# TASK DIRECTIONS
Here are some records; copy every line that holds the word "dxfattribs".

★ ★ ★ ★ ★

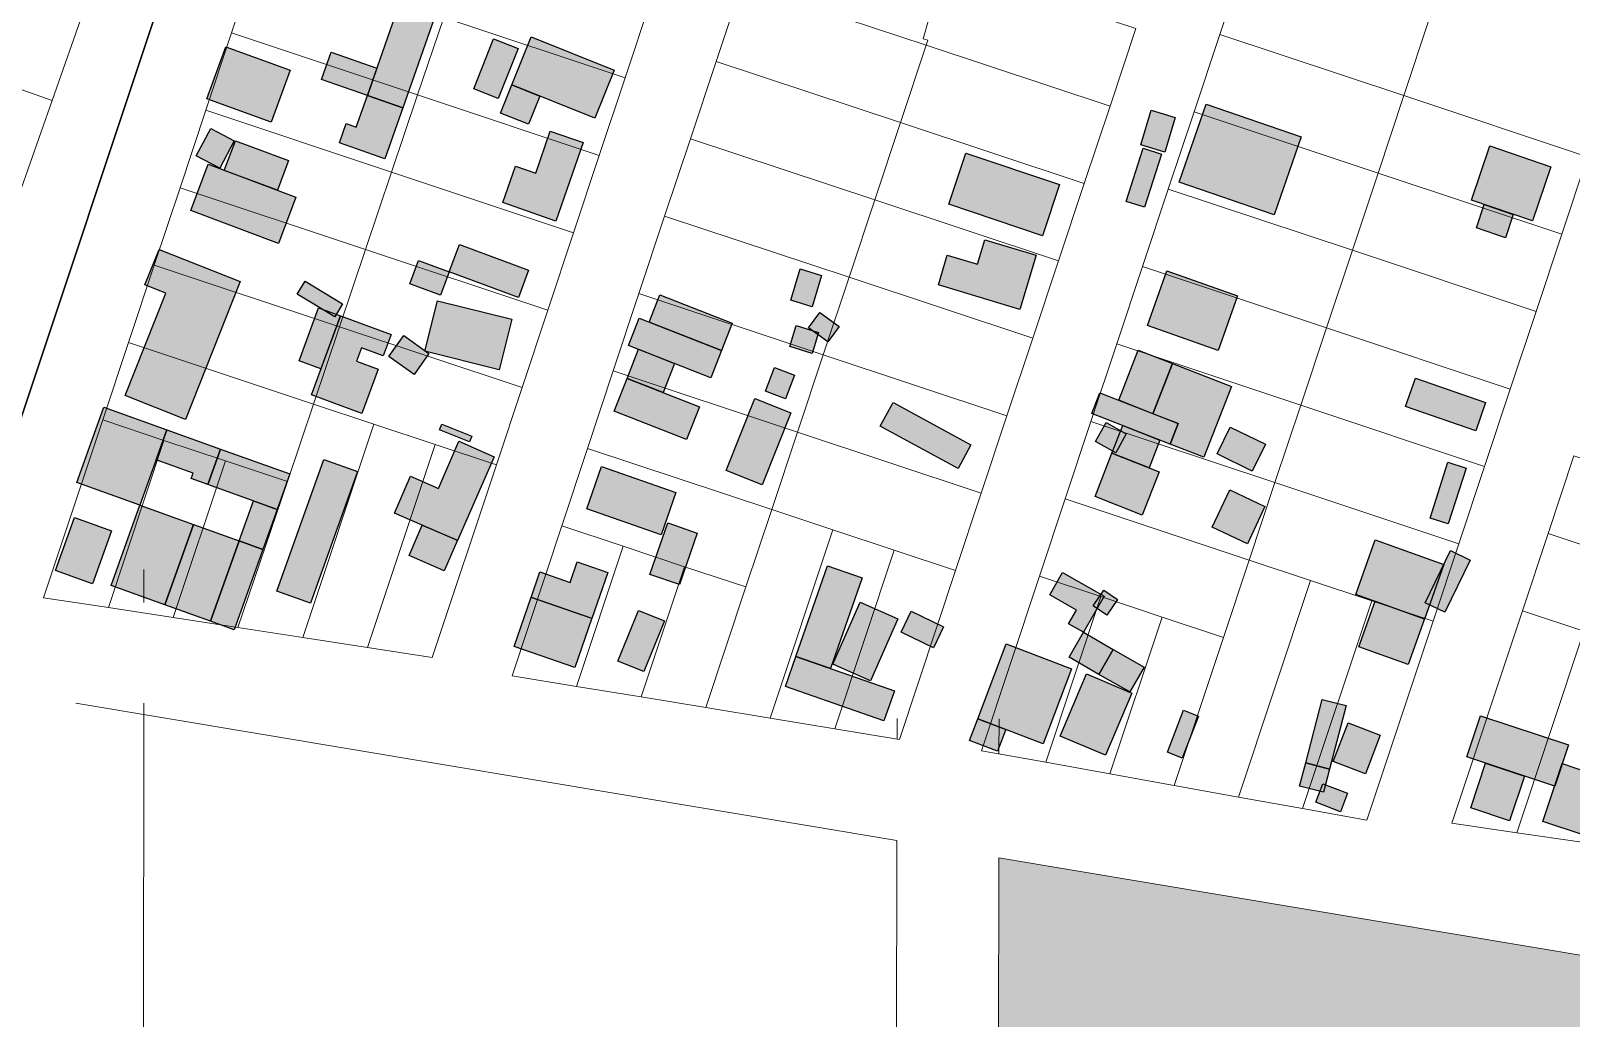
# Model space of a CAD drawing. Header units: millimetres. Extents: x -71 to 10084, y -63 to 6230.
# Drawn here: x 6231.6 to 6458.2, y 3308.1 to 3453.3 of the extents above; entities that cross this region are included whole.
import ezdxf

# ---------------------------------------------------------------- set-up
doc = ezdxf.new("R2010")
doc.units = ezdxf.units.MM
doc.layers.add('0 Límite subáreas', color=1, linetype='Continuous')
doc.layers.add('Edificaciones Pilar', color=50, linetype='Continuous')
for name, color, linetype, lineweight, true_color in [('00.PROPUESTAS EDIFICACION', 251, 'Continuous', 5, 0x575757), ('01. Manzanas Esc. Urbana', 254, 'Continuous', 5, 0xcccccc), ('01. Parcelas Esc. Urbana', 8, 'Continuous', 5, 0x808080), ('COTAS', 154, 'Continuous', 5, 0x004f9e)]:
    doc.layers.add(name, color=color, linetype=linetype, lineweight=lineweight, true_color=true_color)

msp = doc.modelspace()

# ---------------------------------------------------------------- hatches: boundary and pattern name
at = {"layer": 'COTAS', "linetype": 'Continuous', "true_color": 0xfecc66, "transparency": 33554472}
h = msp.add_hatch(color=31, dxfattribs=at)
h.dxf.hatch_style = 1
h.paths.add_polyline_path([(6440.25, 3320.57), (6374, 3331.67), (6373.9, 3256.61), (6438.69, 3251.5)])
at = {"layer": 'COTAS', "linetype": 'Continuous', "true_color": 0xf26722, "transparency": 33554472}
h = msp.add_hatch(color=30, dxfattribs=at)
h.dxf.hatch_style = 1
h.paths.add_polyline_path([(6547.88, 3242.87), (6573.21, 3298.29), (6440.25, 3320.57), (6438.69, 3251.5)])
at = {"layer": 'Edificaciones Pilar', "transparency": 33554559}
for points in [[(6291.56, 3456.92), (6286.32, 3441.97), (6281.12, 3443.79), (6286.36, 3458.74), (6291.56, 3456.92)], [(6266.98, 3439.88), (6257.52, 3443.31), (6260.29, 3450.94), (6269.76, 3447.51), (6266.98, 3439.88)], [(6300.37, 3443.37), (6296.79, 3444.79), (6299.69, 3452.14), (6303.28, 3450.72), (6300.37, 3443.37)], [(6314.56, 3440.46), (6302.35, 3445.37), (6305.19, 3452.44), (6317.4, 3447.53), (6314.56, 3440.46)], [(6281.12, 3443.79), (6274.37, 3446.16), (6275.78, 3450.18), (6282.53, 3447.81), (6281.12, 3443.79)], [(6304.8, 3439.57), (6300.69, 3441.22), (6302.35, 3445.37), (6306.47, 3443.71), (6304.8, 3439.57)], [(6283.69, 3434.5), (6277, 3436.85), (6277.99, 3439.68), (6279.49, 3439.15), (6281.12, 3443.79), (6286.32, 3441.97), (6283.69, 3434.5)], [(6414.5, 3426.24), (6400.55, 3431.06), (6404.51, 3442.52), (6418.46, 3437.7), (6414.5, 3426.24)], [(6398.4, 3435.48), (6394.89, 3436.53), (6396.42, 3441.64), (6399.93, 3440.59), (6398.4, 3435.48)], [(6259.4, 3433.09), (6255.94, 3434.92), (6258.07, 3438.97), (6261.54, 3437.14), (6259.4, 3433.09)], [(6308.85, 3425.32), (6301.04, 3428.04), (6302.92, 3433.43), (6305.88, 3432.4), (6308.02, 3438.56), (6312.87, 3436.87), (6308.85, 3425.32)], [(6267.89, 3429.87), (6260.07, 3432.79), (6261.7, 3437.15), (6269.52, 3434.23), (6267.89, 3429.87)], [(6380.42, 3423.18), (6366.63, 3427.8), (6369.15, 3435.31), (6382.94, 3430.69), (6380.42, 3423.18)], [(6397.91, 3435.19), (6395.42, 3427.36), (6392.74, 3428.21), (6395.24, 3436.05), (6397.91, 3435.19)], [(6452.5, 3425.35), (6443.51, 3428.4), (6446.22, 3436.38), (6455.21, 3433.32), (6452.5, 3425.35)], [(6255.16, 3426.87), (6257.71, 3433.68), (6270.61, 3428.85), (6268.07, 3422.04), (6255.16, 3426.87)], [(6448.52, 3422.88), (6444.25, 3424.33), (6445.41, 3427.76), (6449.68, 3426.3), (6448.52, 3422.88)], [(6303.33, 3414.09), (6293.15, 3417.85), (6294.65, 3421.89), (6304.82, 3418.12), (6303.33, 3414.09)], [(6377.1, 3412.34), (6365.11, 3415.94), (6366.42, 3420.3), (6370.84, 3418.98), (6371.93, 3422.58), (6379.49, 3420.31), (6377.1, 3412.34)], [(6254.37, 3396.16), (6245.51, 3399.68), (6251.49, 3414.73), (6248.41, 3415.96), (6250.47, 3421.16), (6262.41, 3416.42), (6254.37, 3396.16)], [(6291.88, 3414.41), (6287.36, 3416.09), (6288.63, 3419.53), (6293.15, 3417.85), (6291.88, 3414.41)], [(6346.54, 3412.73), (6343.39, 3413.67), (6344.76, 3418.28), (6347.91, 3417.34), (6346.54, 3412.73)], [(6406.26, 3406.28), (6395.85, 3409.96), (6398.7, 3418.02), (6409.1, 3414.34), (6406.26, 3406.28)], [(6276.34, 3411.26), (6270.81, 3414.59), (6271.95, 3416.48), (6277.48, 3413.16), (6276.34, 3411.26)], [(6274.29, 3403.59), (6271.07, 3404.79), (6273.95, 3412.57), (6277.17, 3411.38), (6274.29, 3403.59)], [(6300.49, 3403.45), (6289.59, 3406.19), (6291.45, 3413.61), (6302.35, 3410.88), (6300.49, 3403.45)], [(6333.21, 3406.28), (6322.55, 3410.46), (6324.13, 3414.48), (6334.78, 3410.3), (6333.21, 3406.28)], [(6280.31, 3397.04), (6272.88, 3399.79), (6277.17, 3411.38), (6284.6, 3408.63), (6283.44, 3405.51), (6280.24, 3406.69), (6279.51, 3404.71), (6282.71, 3403.53), (6280.31, 3397.04)], [(6319.54, 3407.03), (6321.11, 3411.03), (6333.21, 3406.28), (6331.64, 3402.29), (6319.54, 3407.03)], [(6348.86, 3407.55), (6346.03, 3409.61), (6347.68, 3411.88), (6350.51, 3409.82), (6348.86, 3407.55)], [(6287.99, 3402.77), (6284.27, 3405.4), (6286.46, 3408.48), (6290.17, 3405.85), (6287.99, 3402.77)], [(6346.55, 3405.87), (6343.26, 3406.87), (6344.2, 3409.96), (6347.49, 3408.96), (6346.55, 3405.87)], [(6324.64, 3400.1), (6319.31, 3402.19), (6320.98, 3406.47), (6326.32, 3404.37), (6324.64, 3400.1)], [(6396.67, 3396.99), (6391.63, 3398.97), (6394.52, 3406.34), (6399.56, 3404.37), (6396.67, 3396.99)], [(6342.63, 3399.18), (6339.68, 3400.31), (6341.02, 3403.81), (6343.97, 3402.68), (6342.63, 3399.18)], [(6408.23, 3400.97), (6404.16, 3390.58), (6399.19, 3392.53), (6400.37, 3395.54), (6396.67, 3396.99), (6399.56, 3404.37), (6408.23, 3400.97)], [(6328.08, 3393.21), (6317.42, 3397.39), (6319.31, 3402.19), (6329.96, 3398.01), (6328.08, 3393.21)], [(6444.15, 3394.45), (6433.83, 3398.04), (6435.29, 3402.23), (6445.61, 3398.64), (6444.15, 3394.45)], [(6339.2, 3386.55), (6333.9, 3388.64), (6338.09, 3399.22), (6343.39, 3397.12), (6339.2, 3386.55)], [(6399.19, 3392.53), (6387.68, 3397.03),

★ ★ ★ ★ ★

# FINAL ANSWER
h = msp.add_hatch(color=31, dxfattribs=at)
h = msp.add_hatch(color=30, dxfattribs=at)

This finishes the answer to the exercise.